Deciphering the risk of the company's insurance policies is difficult for me. But I sense the company is extremely conservative. The company is run by the fourth generation of Bixby's. The company separates their policies into two types. The first is premiums on traditional life insurance and immediate annuities, plus a small portion of disability and dental. These have guaranteed payout. The immediate annuity, which has longevity risk, is historically less than 10% of yearly premiums. The second is deposits type insurance such as universal life, variable life, variable annuities which have a surrender value and depend on market conditions. These have guaranteed interest rates which may cause KCLI losses if interest rates change violently. But that is a very unlikely scenario.
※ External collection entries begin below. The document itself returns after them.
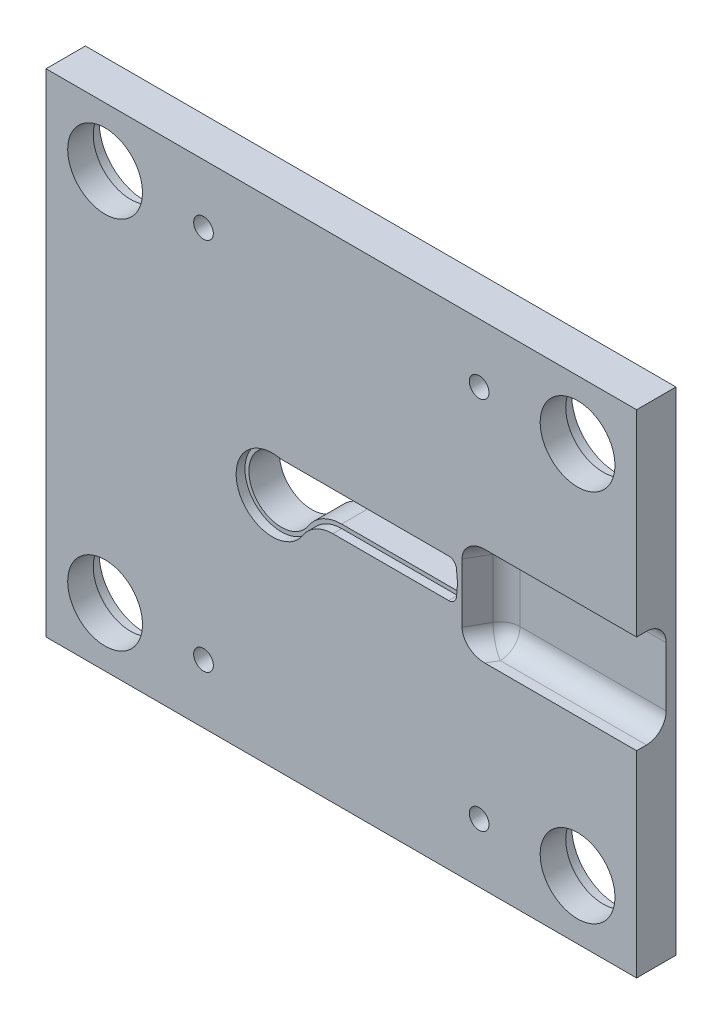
ISO-10303-21;
HEADER;
FILE_DESCRIPTION(('STEP AP214'),'2;1');
FILE_NAME('part.step','',(''),(''),'','','');
FILE_SCHEMA(('AUTOMOTIVE_DESIGN { 1 0 10303 214 1 1 1 1 }'));
ENDSEC;
DATA;
#1=APPLICATION_CONTEXT('core data for automotive mechanical design processes');
#2=APPLICATION_PROTOCOL_DEFINITION('international standard','automotive_design',2000,#1);
#3=PRODUCT_CONTEXT('',#1,'mechanical');
#4=PRODUCT('Part','Part','',(#3));
#5=PRODUCT_RELATED_PRODUCT_CATEGORY('part','',(#4));
#6=PRODUCT_DEFINITION_FORMATION('','',#4);
#7=PRODUCT_DEFINITION_CONTEXT('part definition',#1,'design');
#8=PRODUCT_DEFINITION('design','',#6,#7);
#9=PRODUCT_DEFINITION_SHAPE('','',#8);
#10=(LENGTH_UNIT() NAMED_UNIT(*) SI_UNIT(.MILLI.,.METRE.));
#11=(NAMED_UNIT(*) PLANE_ANGLE_UNIT() SI_UNIT($,.RADIAN.));
#12=(NAMED_UNIT(*) SI_UNIT($,.STERADIAN.) SOLID_ANGLE_UNIT());
#13=UNCERTAINTY_MEASURE_WITH_UNIT(LENGTH_MEASURE(1.E-05),#10,'distance_accuracy_value','');
#14=(GEOMETRIC_REPRESENTATION_CONTEXT(3) GLOBAL_UNCERTAINTY_ASSIGNED_CONTEXT((#13)) GLOBAL_UNIT_ASSIGNED_CONTEXT((#10,
#11,#12)) REPRESENTATION_CONTEXT('',''));
#15=CARTESIAN_POINT('',(0.,0.,0.));
#16=DIRECTION('',(0.,0.,1.));
#17=DIRECTION('',(1.,0.,0.));
#18=AXIS2_PLACEMENT_3D('',#15,#16,#17);
#19=CARTESIAN_POINT('',(121.078190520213,155.965,0.));
#20=DIRECTION('',(0.,0.,1.));
#21=DIRECTION('',(1.,0.,0.));
#22=AXIS2_PLACEMENT_3D('',#19,#20,#21);
#23=CYLINDRICAL_SURFACE('',#22,20.03);
#24=CARTESIAN_POINT('',(121.078190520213,155.965,15.5));
#25=DIRECTION('',(0.,0.,1.));
#26=DIRECTION('',(1.,0.,0.));
#27=AXIS2_PLACEMENT_3D('',#24,#25,#26);
#28=CIRCLE('',#27,20.03);
#29=CARTESIAN_POINT('',(117.740393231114,136.215063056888,15.5));
#30=VERTEX_POINT('',#29);
#31=CARTESIAN_POINT('',(121.078190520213,135.935,15.5));
#32=VERTEX_POINT('',#31);
#33=EDGE_CURVE('E420',#30,#32,#28,.T.);
#34=ORIENTED_EDGE('',*,*,#33,.F.);
#35=DIRECTION('',(0.,0.,1.));
#36=VECTOR('',#35,1.);
#37=CARTESIAN_POINT('',(117.740393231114,136.215063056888,0.));
#38=LINE('',#37,#36);
#39=CARTESIAN_POINT('',(117.740393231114,136.215063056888,0.));
#40=VERTEX_POINT('',#39);
#41=EDGE_CURVE('E449',#40,#30,#38,.T.);
#42=ORIENTED_EDGE('',*,*,#41,.F.);
#43=CARTESIAN_POINT('',(121.078190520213,155.965,0.));
#44=DIRECTION('',(0.,0.,-1.));
#45=DIRECTION('',(-1.,0.,0.));
#46=AXIS2_PLACEMENT_3D('',#43,#44,#45);
#47=CIRCLE('',#46,20.03);
#48=CARTESIAN_POINT('',(121.078190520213,135.935,0.));
#49=VERTEX_POINT('',#48);
#50=EDGE_CURVE('E422',#49,#40,#47,.T.);
#51=ORIENTED_EDGE('',*,*,#50,.F.);
#52=DIRECTION('',(0.,0.,1.));
#53=VECTOR('',#52,1.);
#54=CARTESIAN_POINT('',(121.078190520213,135.935,0.));
#55=LINE('',#54,#53);
#56=EDGE_CURVE('E261',#49,#32,#55,.T.);
#57=ORIENTED_EDGE('',*,*,#56,.T.);
#58=EDGE_LOOP('',(#34,#42,#51,#57));
#59=FACE_BOUND('',#58,.T.);
#60=ADVANCED_FACE('F31',(#59),#23,.T.);
#61=CARTESIAN_POINT('',(121.078190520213,135.935,0.));
#62=DIRECTION('',(0.,1.,0.));
#63=DIRECTION('',(-1.,0.,0.));
#64=AXIS2_PLACEMENT_3D('',#61,#62,#63);
#65=PLANE('',#64);
#66=DIRECTION('',(1.,0.,0.));
#67=VECTOR('',#66,1.);
#68=CARTESIAN_POINT('',(121.078190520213,135.935,15.5));
#69=LINE('',#68,#67);
#70=CARTESIAN_POINT('',(204.489847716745,135.935,15.5));
#71=VERTEX_POINT('',#70);
#72=EDGE_CURVE('E418',#32,#71,#69,.T.);
#73=ORIENTED_EDGE('',*,*,#72,.F.);
#74=ORIENTED_EDGE('',*,*,#56,.F.);
#75=DIRECTION('',(-1.,0.,0.));
#76=VECTOR('',#75,1.);
#77=CARTESIAN_POINT('',(121.078190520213,135.935,0.));
#78=LINE('',#77,#76);
#79=CARTESIAN_POINT('',(204.489847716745,135.935,0.));
#80=VERTEX_POINT('',#79);
#81=EDGE_CURVE('E446',#80,#49,#78,.T.);
#82=ORIENTED_EDGE('',*,*,#81,.F.);
#83=DIRECTION('',(0.,0.,1.));
#84=VECTOR('',#83,1.);
#85=CARTESIAN_POINT('',(204.489847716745,135.935,0.));
#86=LINE('',#85,#84);
#87=EDGE_CURVE('E452',#80,#71,#86,.T.);
#88=ORIENTED_EDGE('',*,*,#87,.T.);
#89=EDGE_LOOP('',(#73,#74,#82,#88));
#90=FACE_BOUND('',#89,.T.);
#91=ADVANCED_FACE('F527',(#90),#65,.F.);
#92=CARTESIAN_POINT('',(204.489847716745,133.905,0.));
#93=DIRECTION('',(0.,0.,1.));
#94=DIRECTION('',(1.,0.,0.));
#95=AXIS2_PLACEMENT_3D('',#92,#93,#94);
#96=CYLINDRICAL_SURFACE('',#95,2.02999999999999);
#97=CARTESIAN_POINT('',(204.489847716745,133.905,15.5));
#98=DIRECTION('',(0.,0.,1.));
#99=DIRECTION('',(1.,0.,0.));
#100=AXIS2_PLACEMENT_3D('',#97,#98,#99);
#101=CIRCLE('',#100,2.02999999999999);
#102=CARTESIAN_POINT('',(206.512122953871,134.081926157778,15.5));
#103=VERTEX_POINT('',#102);
#104=EDGE_CURVE('E416',#71,#103,#101,.F.);
#105=ORIENTED_EDGE('',*,*,#104,.F.);
#106=ORIENTED_EDGE('',*,*,#87,.F.);
#107=CARTESIAN_POINT('',(204.489847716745,133.905,0.));
#108=DIRECTION('',(0.,0.,1.));
#109=DIRECTION('',(-1.,0.,0.));
#110=AXIS2_PLACEMENT_3D('',#107,#108,#109);
#111=CIRCLE('',#110,2.02999999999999);
#112=CARTESIAN_POINT('',(206.512122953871,134.081926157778,0.));
#113=VERTEX_POINT('',#112);
#114=EDGE_CURVE('E443',#113,#80,#111,.T.);
#115=ORIENTED_EDGE('',*,*,#114,.F.);
#116=DIRECTION('',(0.,0.,1.));
#117=VECTOR('',#116,1.);
#118=CARTESIAN_POINT('',(206.512122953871,134.081926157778,0.));
#119=LINE('',#118,#117);
#120=EDGE_CURVE('E455',#113,#103,#119,.T.);
#121=ORIENTED_EDGE('',*,*,#120,.T.);
#122=EDGE_LOOP('',(#105,#106,#115,#121));
#123=FACE_BOUND('',#122,.T.);
#124=ADVANCED_FACE('F533',(#123),#96,.F.);
#125=CARTESIAN_POINT('',(206.512122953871,134.081926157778,0.));
#126=DIRECTION('',(0.996194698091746,0.0871557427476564,0.));
#127=DIRECTION('',(-0.0871557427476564,0.996194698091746,0.));
#128=AXIS2_PLACEMENT_3D('',#125,#126,#127);
#129=PLANE('',#128);
#130=DIRECTION('',(0.0871557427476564,-0.996194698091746,0.));
#131=VECTOR('',#130,1.);
#132=CARTESIAN_POINT('',(206.512122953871,134.081926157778,15.5));
#133=LINE('',#132,#131);
#134=CARTESIAN_POINT('',(207.033723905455,128.12,15.5));
#135=VERTEX_POINT('',#134);
#136=EDGE_CURVE('E414',#103,#135,#133,.T.);
#137=ORIENTED_EDGE('',*,*,#136,.F.);
#138=ORIENTED_EDGE('',*,*,#120,.F.);
#139=DIRECTION('',(-0.0871557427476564,0.996194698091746,0.));
#140=VECTOR('',#139,1.);
#141=CARTESIAN_POINT('',(206.512122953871,134.081926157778,0.));
#142=LINE('',#141,#140);
#143=CARTESIAN_POINT('',(207.033723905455,128.12,0.));
#144=VERTEX_POINT('',#143);
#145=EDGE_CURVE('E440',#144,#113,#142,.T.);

The company's investment portfolio is also very conservative with 77% in fixed-income.

Overall, this is a very conservative company that is at the virtual bottom of any reasonable valuation. So, I think of this as a very safe investment with upside, almost like cash with benefits. Such an alternative for cash is very useful in this down market where I want liquidity handy to buy really depressed stocks in case the markets drop further.